Looking at Alice Coltrane’s discography as a whole, we see a grand sense of symbolism alongside a warm, welcoming orange color palette. Yet, each album was visually crafted by a different set of designers and photographers each time. Rare for such a cohesive body of work. One artist, Phillip Melnick, appears twice, on Universal Consciousness and Lord of Lords. Coltrane’s first creative direction credit doesn’t appear until 1976 on Eternity.

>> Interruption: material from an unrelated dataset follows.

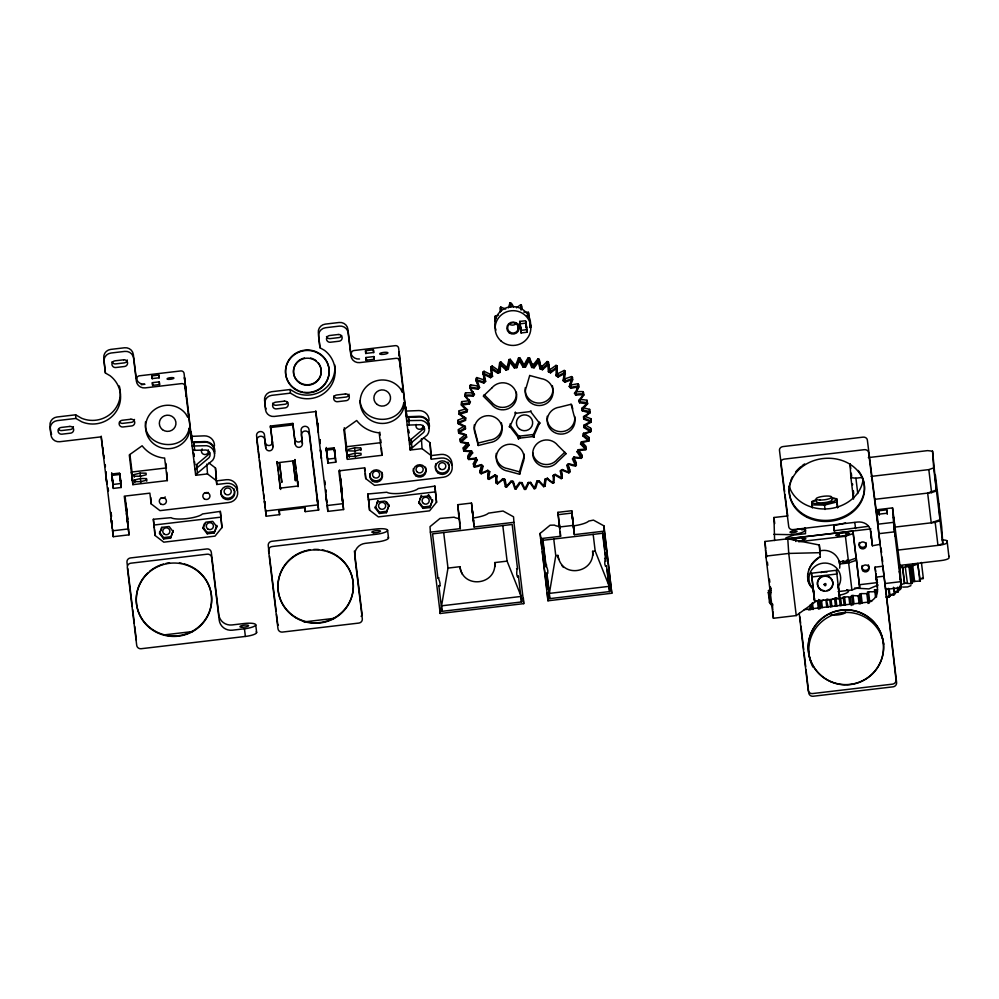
<?xml version="1.0" encoding="UTF-8"?>
<svg xmlns="http://www.w3.org/2000/svg" width="999" height="999" viewBox="0 0 999 999"><rect width="100%" height="100%" fill="white"/><g stroke="black" fill="none" stroke-linecap="round" stroke-linejoin="round"><path stroke-width="1.5" d="M774.6 540.534L773.95 517.494L787.836 515.934M807.741 574.013C807.18 579.358 808.466 585.551 813.223 588.673M145.542 421.728C142.245 447.652 184.515 453.708 189.198 428.271L190.185 428.159L184.915 386.126A2.972 2.897 -3.8 0 0 181.618 383.604L145.167 387.887A7.942 7.73 -3.8 0 1 136.364 381.156L133.579 358.142A7.942 7.73 -3.8 0 0 124.775 351.398L110.989 353.022A7.942 7.73 -3.8 0 0 104.033 361.613L105.407 373.027L110.027 375.699A27.772 27.048 -3.8 0 1 116.671 410.751A27.772 27.048 -3.8 0 1 81.831 421.853L75.874 418.431L57.193 420.629A7.942 7.73 -3.8 0 0 50.25 429.233L50.937 434.977A7.942 7.73 -3.8 0 0 59.74 441.72L101.124 436.85L113.262 536.688L129.033 534.827L125.162 496.715M543.856 485.976L539.185 480.856L538.836 481.555L543.643 486.663L545.142 479.033L547.427 478.221A27.76 27.023 -3.8 0 0 550.561 481.019L552.797 482.567L553.271 481.206A28.072 27.335 -3.8 0 0 553.234 477.172L553.034 475.536L555.144 474.363L561.475 477.709L560.314 470.941L562.262 469.53L568.693 472.177L566.845 465.384L568.518 463.661L575.324 465.409L572.464 458.941L573.913 457.043L580.869 457.779L577.072 451.785L578.221 449.7L585.377 449.063L580.556 444.056L581.393 441.833L588.274 440.584L582.867 435.914L583.354 433.603L589.972 431.393L583.94 427.547L584.003 425.187L590.259 421.653L583.716 419.118L583.503 416.758L589.198 412.787L582.255 410.814L581.693 408.516L586.725 403.771L579.57 402.797L578.658 400.611L582.941 395.217L581.53 394.792A28.447 27.697 -3.8 0 0 577.385 394.992L575.711 395.267L574.487 393.231L575.412 391.92A28.034 27.298 -3.8 0 0 577.434 388.374L577.672 386.963L570.766 388.361L569.243 386.526L571.465 379.87L564.835 382.23L563.061 380.631L564.26 373.738L558.054 377.023L556.056 375.686L556.206 368.693L550.549 372.827L548.376 371.778L547.877 364.997L542.507 369.73L540.197 369.018L538.274 362.287L534.078 367.819L531.68 367.445L532.155 364.31L529.532 357.904L528.221 357.817L528.783 361.064L525.449 367.132L523.026 367.083L523.389 363.886L522.34 361.75A30.981 30.17 -3.8 0 0 519.842 357.904L518.518 358.017L519.193 361.188L516.808 367.657L514.398 367.969L514.635 364.697L510.239 359.29L508.941 359.59L509.727 362.674L508.329 369.405L506.006 370.105L506.118 366.77L500.936 362.025L499.7 362.5L500.574 365.497L500.187 372.315L498.002 373.339L497.964 369.98L492.145 366.046L490.996 366.683L491.683 375.836L492.569 376.373L490.559 377.697L484.328 374.588L485.639 381.468L483.853 383.054L477.222 380.869L479.582 387.512L477.997 389.31L471.116 388.087L471.378 389.498A28.009 27.273 -3.8 0 0 473.451 392.994L474.45 394.33L473.151 396.328A28.447 27.697 -3.8 0 0 467.382 396.004L465.971 396.453L470.392 401.785L469.405 403.946L462.312 405.094L467.495 409.74L466.833 412.025L459.99 414.16L465.759 418.019L465.509 420.367L459.053 423.052L465.359 426.436L465.472 428.808L459.44 432.367L466.146 434.84L466.67 437.15L461.326 441.92L468.244 443.032L469.043 445.254L464.523 450.724L471.528 450.836L472.652 452.922A28.472 27.722 -3.8 0 0 469.343 457.554L468.993 458.953L475.986 458.054L477.36 459.99A27.835 27.098 -3.8 0 0 475.362 463.661L474.65 466.471L481.443 464.585L483.091 466.308L481.381 473.101L487.799 470.279L489.735 471.703L488.673 478.484L494.955 475L497.09 476.136L496.915 477.772A28.072 27.335 -3.8 0 0 496.928 481.805L497.427 483.154L499.637 481.568A27.76 27.023 -3.8 0 0 502.734 478.696L505.032 479.458L506.618 487.05L511.351 481.843L511.013 481.156L506.418 486.363M490.996 366.683L492.569 376.373M545.142 479.033L545.904 479.395L545.304 484.665L544.905 486.276L543.643 486.663M548.376 371.778L549.163 371.128L549.013 366.496A31.344 30.519 -3.8 0 0 548.414 361.975L547.177 361.526L542.07 366.396L542.507 369.73M869.167 603.196L867.419 592.045L869.517 591.77A29.296 6.681 -6.9 0 0 873.313 591.77L875.911 591.42L876.573 596.903M584.003 425.187L584.727 426.873L583.94 427.547M465.509 420.367L464.61 417.345L458.116 420.142L458.066 421.428L458.216 423.688L463.474 426.423L465.359 426.436M279.171 509.815L279.633 514.647L266.233 516.221L265.534 509.34M317.37 498.926L318.631 510.052L305.244 511.625L304.782 506.793M488.374 470.679L487.849 478.708L488.961 479.408L489.023 478.708M547.427 478.221L548.014 479.732L552.722 483.279L553.908 482.717L554.058 481.068A28.896 28.134 -3.8 0 0 554.02 476.91L553.034 475.536M899.649 587.874L901.423 586.563L899.999 586.525M901.423 586.563L900.711 587.624M481.568 465.072L480.032 470.679L480.194 472.939L481.181 473.788L486.7 471.603L487.799 470.279M508.329 369.405L507.43 366.371L508.941 359.59M564.26 373.738L564.223 370.417L557.892 373.638L558.054 377.023M553.871 475.774L555.144 474.363M585.664 425.087L590.684 428.184L590.709 431.73L585.127 433.791L583.354 433.603M466.833 412.025L466.046 408.903L459.19 410.751L459.115 414.273L464.897 418.269L464.76 419.605L458.266 422.402L458.216 423.688L459.041 423.451M497.09 476.136L496.103 477.534A28.896 28.134 -3.8 0 0 496.128 481.68L496.303 483.329L497.502 483.866L502.147 480.219L502.734 478.696M552.722 483.279L552.797 482.567M506.006 370.105L500.961 365.347L500.936 362.025M810.201 609.914L809.764 605.232M564.835 382.23L564.822 378.871L563.811 377.959L564.497 375.686M564.223 370.417L565.272 371.191L564.81 374.325M556.955 371.778L557.192 365.984L556.031 365.359L550.249 369.455L550.549 372.827M545.629 479.532L545.154 482.405M502.797 525.549L507.092 561.126L521.166 596.44L521.528 601.96L441.933 611.338L441.57 605.819L447.989 568.094L443.693 532.517M553.758 539.01L555.769 555.669L549.363 593.394L549.712 598.638L609.602 591.57L607.217 569.455M539.185 480.856L536.813 481.406L534.165 488.723L530.182 483.017L528.234 482.529L524.487 489.423L521.79 484.265L521.99 482.617L524.95 488.823M536.813 481.406L537.499 481.855L536.101 486.988L535.476 488.523L534.165 488.723M556.056 375.686L557.255 372.802L557.192 365.984M495.154 316.208L495.267 321.079L495.154 316.208L498.451 315.01M530.019 327.722L529.994 324.2M582.867 435.914L584.015 434.053M571.465 379.87L571.553 376.573L564.822 378.871M536.85 481.943L537.15 480.731M514.398 367.969L510.139 362.587L510.239 359.29M570.766 388.361L570.879 385.027L570.017 383.978L571.028 387.287L578.034 385.964L578.808 387L578.134 388.524A28.834 28.072 -3.8 0 1 576.073 392.157L574.487 393.231M516.808 367.657L516.008 364.523L518.518 358.017M588.761 438.761L589.085 437.512L583.591 433.116M581.393 441.833L583.091 442.282L588.911 441.021L589.085 437.512M807.766 574.462C808.74 566.97 813.523 560.002 820.316 556.618C816.108 559.802 810.888 564.023 809.003 569.692M489.735 471.703L488.823 471.828L488.274 474.175L487.849 478.708L488.673 478.484M572.04 379.083L572.477 377.485L571.553 376.573M481.181 473.788L481.381 473.101M467.495 409.74L466.196 411.163L459.34 413.012L459.115 414.273L459.99 414.16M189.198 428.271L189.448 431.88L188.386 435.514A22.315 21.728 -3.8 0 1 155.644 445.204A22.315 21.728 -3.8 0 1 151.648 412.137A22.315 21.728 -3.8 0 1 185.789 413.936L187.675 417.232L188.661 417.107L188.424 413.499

Compared to contemporaries like Pharoah Sanders and Don Cherry, Coltrane’s spiritual vision stands apart. The cover of her debut album, A Monastic Trio, blends in with the jazz styles of the era. Look at any Impulse or Blue Note record cover from the late ‘60s, and you’re bound to see a photo of the musician playing their signature instrument. Here, we see Coltrane playing the harp, yet a set of thin green and blue ribbons dance across the cover, signaling something otherworldly.
After John’s sudden death, Alice found spiritual guidance amid intense grief under the guru Swami Satchidananda. This cosmic journey led her to India, where she discovered a higher religious calling. She adopted the name Turiyasangitananda and, in 1975, opened The Vedantic Center in California. This transcendent new chapter in Coltrane’s life is unmistakably reflected throughout her career’s cover art.
Alice and John were close friends with Indian musician Ravi Shankar (they would go on to name their second son after him). His classical meditative influence is no doubt reflected in the Coltrane ouevre. The cover for Shankar’s second album, The Sounds of India (1958), is such a vibrant atmospheric image, shot in a studio to imitate a warm pink Indian sunset with deep shadows. Alice’s seminal 1971 album, Journey In Satchidananda, is visualized along the same lines. A soft red background encompasses Coltrane as she stoically looks off-frame.
The album covers for Ptah, The El Daoud (1970) and Illuminations (1974) are heavily weighted in mystical symbolism. In an interview with Grammy.com, scholar Menzi Maseko states on Ptah, "What you see in the hieroglyphs are the names of God and of becoming. It says, 'The father of beginnings, the creator of the egg, the sun and the moon.' It's got the cobra at the bottom, which symbolizes cunning, superior intellectual capability and danger." On Illuminations, we see a more straightforward depiction of the angels Santana and Coltrane refer to in the collaborative album.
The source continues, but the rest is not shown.